L’auteur nous fait découvrir Salomon, ce vieil homme de confession juive, qui vient de perdre sa femme et qui se prépare, avec appréhension, à vivre la Pâques juive avec ses proches. Cet homme fatigué nous ouvre son coeur et ses souvenirs. Et pour cause, ces derniers sont riches d’anecdotes. Parce que Salomon sait y mettre les formes, il faut le dire, avec son humour concentrationnaire. Oui, il a survécu au camp et il le fait savoir, maniant les jeux de mots :
Denise avait huit ans, Michelle en avait six. J’étais allé avec elles à la fête foraine, une veille de 14 juillet. Après quelques tours de manège, elles me supplièrent de jouer à la pêche aux canards pour rafler un poisson rouge. La main ferme, je gagnai à deux reprises et mes filles repartirent, chacune, avec un sac en plastique rempli d’eau. À l’intérieur nageait une mini-bestiole à écailles. Dans la voiture, les voix aiguës se disputaient les noms à donner à leurs nouveaux amis quand je leur rappelai que c’était moi qui les avais gagnés et que j’étais donc en droit de les nommer. Silence à l’arrière. Rires au volant. Sarah rentra tard du travail et découvrit les deux poissons rouges nageant dans un grand saladier. Tout excitée, Denise fit les présentations : “Maman, voici Goebbels et Goering, ils sont frères. Et leurs noms commencent pareil ! Goebbels est à moi et Goering est à Michelle.”
Cette nuit, une histoire de famille
Ses deux filles justement, Denise et Michelle, tellement différentes l’une de l’autre et qui animent – surtout Michelle – les repas de famille. Michelle cette femme autoritaire et sur le qui-vive, prête à réduire au silence toute velléité de contradiction. Denise, l’aînée, mais complètement effacée est surtout terrorisée par sa sœur, elle préfère se taire et boire plutôt que de l’affronter. Chacune estaccompagnées de son mari, et là aussi il y a du beau monde : Patrick, le mari de la première est martyrisé par son émotivité qui l’oblige à la moindre angoisse ou contrariété à se rendre prestement aux toilettes.., Pinhas l’époux de Denise est l’OVNI de la famille, un brin provocateur, un brin lèche botte.
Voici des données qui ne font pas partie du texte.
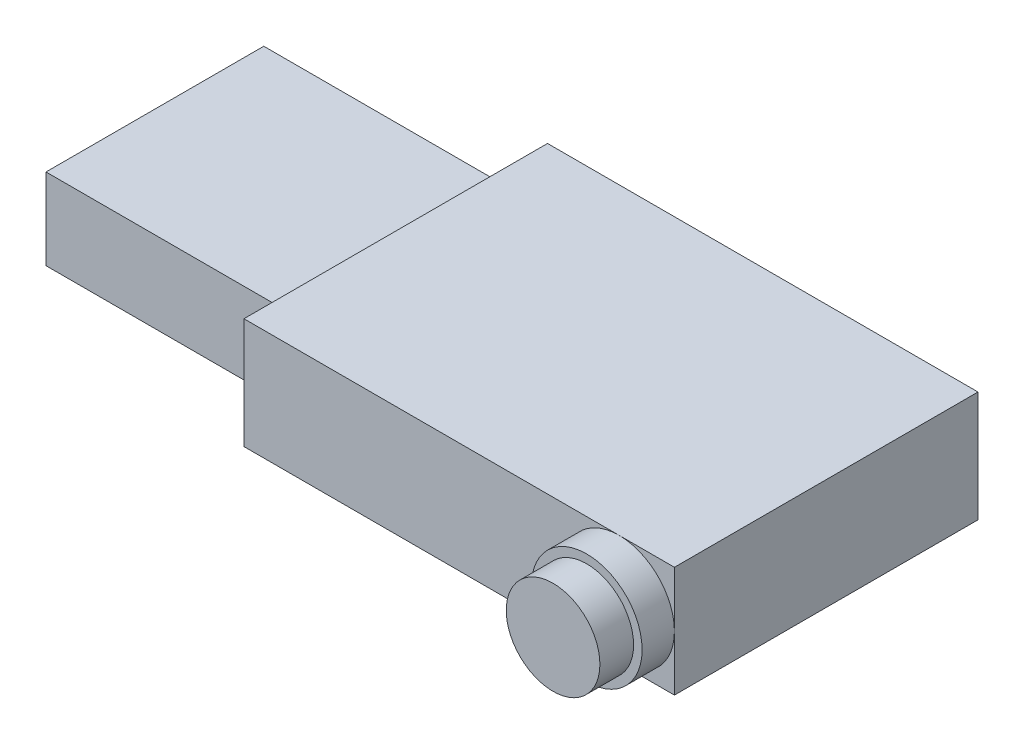
SolidWorks part; units mm, degrees
ref_plane "Front Plane" through (0, 0, 0) normal (0, 0, 1) x (1, 0, 0)
ref_plane "Top Plane" through (0, 0, 0) normal (0, 1, 0) x (1, 0, 0)
ref_plane "Right Plane" through (0, 0, 0) normal (1, 0, 0) x (0, 0, -1)
sketch "Sketch1" plane through (0, 0, 0) normal (0, 1, 0) x (1, 0, 0)
  line L1 (0, 0) -> (23.6982, 0)
  line L2 (0, 0) -> (0, 16.7132)
  line L3 (0, 16.7132) -> (23.6982, 16.7132)
  line L4 (23.6982, 0) -> (23.6982, 16.7132)
  dimension "D1" = 23.6982
  dimension "D2" = 16.7132
extrude "Boss-Extrude1" add sketch "Sketch1" along normal blind 6.096
sketch "Sketch2" plane through (0, 0, 0) normal (-1, 0, 0) x (0, 0, 1)
  line L0 (-10.2376, 6.096) -> (-10.2376, 5.2832) construction
  line L1 (-14.351, 5.2832) -> (-2.3622, 5.2832)
  line L2 (-14.351, 5.2832) -> (-14.351, 0.8128)
  line L3 (-14.351, 0.8128) -> (-2.3622, 0.8128)
  line L4 (-2.3622, 5.2832) -> (-2.3622, 0.8128)
  line L5 (-16.7132, 6.096) -> (0, 6.096) construction
  line L6 (-10.2376, 0.8128) -> (-10.2376, 0) construction
  line L7 (-16.7132, 0) -> (0, 0) construction
  line L8 (-16.7132, 4.0613) -> (-14.351, 4.0613) construction
  line L9 (-16.7132, 6.096) -> (-16.7132, 0) construction
  line L10 (-2.3622, 4.0613) -> (0, 4.0613) construction
  line L11 (0, 6.096) -> (0, 0) construction
  dimension "D1" = 11.9888
  dimension "D2" = 4.4704
extrude "Boss-Extrude2" add sketch "Sketch2" along normal blind 13.2588
sketch "Sketch3" plane through (-13.2588, 0, 0) normal (-1, 0, 0) x (0, 0, 1)
  line L1 (-14.0462, 3.175) -> (-2.667, 3.175)
  line L2 (-14.0462, 3.175) -> (-14.0462, 1.1176)
  line L3 (-14.0462, 1.1176) -> (-2.667, 1.1176)
  line L4 (-2.667, 3.175) -> (-2.667, 1.1176)
  line L6 (-10.3342, 1.1176) -> (-10.3342, 0.8128) construction
  line L7 (-14.351, 0.8128) -> (-2.3622, 0.8128) construction
  line L8 (-14.351, 2.5059) -> (-14.0462, 2.5059) construction
  line L9 (-14.351, 5.2832) -> (-14.351, 0.8128) construction
  line L10 (-2.667, 2.5059) -> (-2.3622, 2.5059) construction
  line L11 (-2.3622, 0.8128) -> (-2.3622, 5.2832) construction
  dimension "D1" = 0.3048
  dimension "D2" = 2.0574
extrude "Cut-Extrude1" cut sketch "Sketch3" against normal blind 9.017
sketch "Sketch4" plane through (0, 0, 0) normal (0, 0, 1) x (1, 0, 0)
  line L0 (23.6982, 3.048) -> (23.6982, 6.6081) construction
  line L1 (23.6982, 6.096) -> (23.6982, 0) construction
  line L2 (0, 3.048) -> (30.4093, 3.048) construction
  line L3 (0, 6.096) -> (0, 0) construction
  line L4 (0, 6.096) -> (23.6982, 6.096) construction
  circle A0 centre (20.6502, 3.048) radius 3.048
extrude "Boss-Extrude3" add sketch "Sketch4" along normal blind 1.778
sketch "Sketch5" plane through (0, 0, 1.778) normal (0, 0, 1) x (1, 0, 0)
  circle A0 centre (20.6502, 3.048) radius 2.5781
  circle A1 centre (20.6502, 3.048) radius 3.048 construction
  dimension "D1" = 5.1562
extrude "Boss-Extrude4" add sketch "Sketch5" along normal blind 1.8542
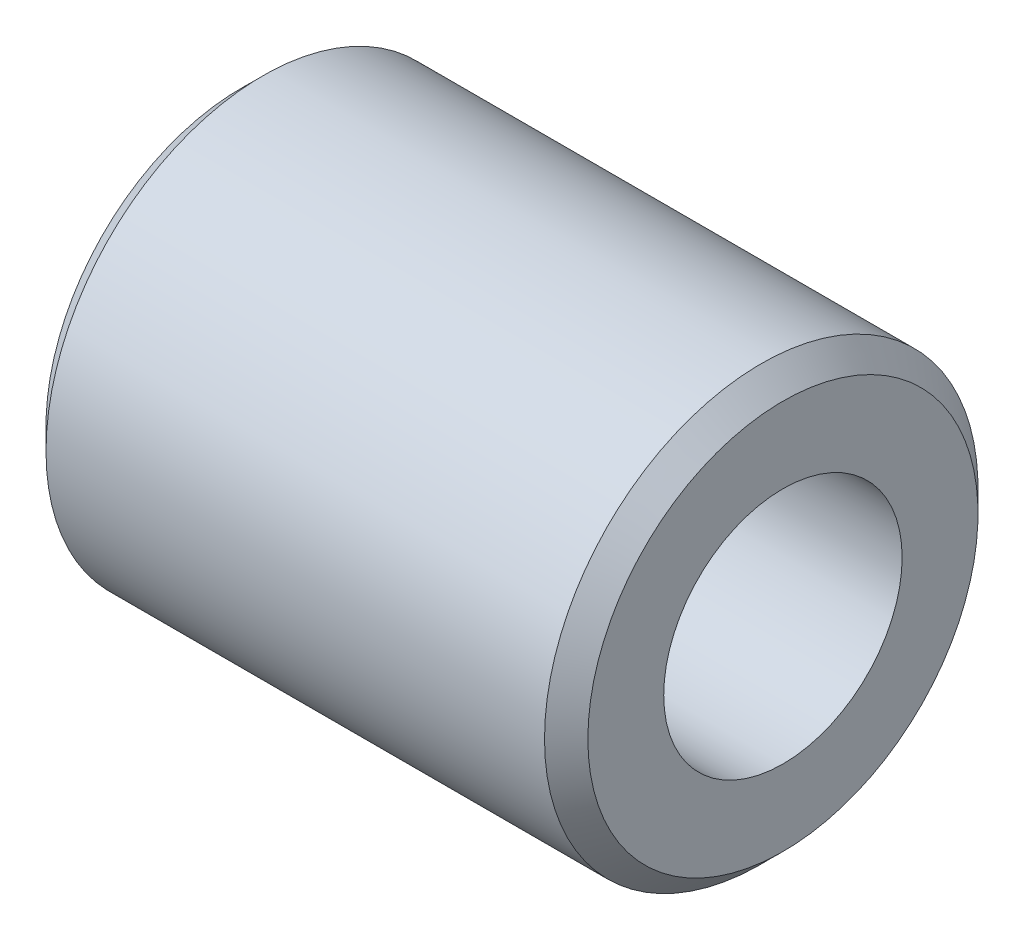
SolidWorks part; units mm, degrees
material "35"
ref_plane "前视基准面" through (0, 0, 0) normal (0, 0, 1) x (1, 0, 0)
ref_plane "上视基准面" through (0, 0, 0) normal (0, 1, 0) x (1, 0, 0)
ref_plane "右视基准面" through (0, 0, 0) normal (1, 0, 0) x (0, 0, -1)
sketch "草图1" plane through (0, 0, 0) normal (0, 0, 1) x (1, 0, 0)
  line L0 (0, 0) -> (201.9907, 0) construction
  line L1 (125, 27.5) -> (125, 50)
  line L2 (125, 50) -> (0, 50)
  line L3 (0, 50) -> (0, 27.5)
  line L4 (0, 27.5) -> (42, 27.5)
  line L5 (42, 27.5) -> (42, 30)
  line L6 (42, 30) -> (83, 30)
  line L7 (83, 30) -> (83, 27.5)
  line L8 (83, 27.5) -> (125, 27.5)
  line L9 (0, 27.5) -> (0, 0)
  dimension "D1" = 100
  dimension "D2" = 125
  dimension "D3" = 42
  dimension "D5" = 55
  dimension "D6" = 60
revolve "旋转1" add sketch "草图1" angle 360 about L0
chamfer "倒角1" distance 5 angle 45 2 edges at (125, 0, 50) (0, 0, 50)

Puis viennent les enfants, ceux de Michelle et Patrick, Samuel et Tania , qui passent leur temps à se chamailler. J’oubliais la – pauvre – correspondante allemande, oui oui allemande, qui ne sera pas épargné par l’humour de Salomon ni les frasques de cette famille.
Mais cette famille est là, chaque année pour célébrer ensemble la commémoration de la sortie de l’Egypte du peuple juif. Cette nuit sera aussi celle de la commémoration de la vie de Salomon. Ce roman est émouvant car il exprime la solitude d’un homme face à ce qui reste de sa vie à venir. Cette solitude aussi dont il s’extrait de temps en temps en se rappelant les durs moments de la Shoah avec les anciens, ceux qui peuvent comprendre et ne pas s’offusquer de son humour thérapeutique.
Le style
Il est plein de sensibilité et d’humour. Joachim Schnerf arrive à saisir le lecteur par des mots simples, des phrases percutantes. Il sait donner à ses personnages une dimension personnelle et pourtant identifiable dans beaucoup de famille.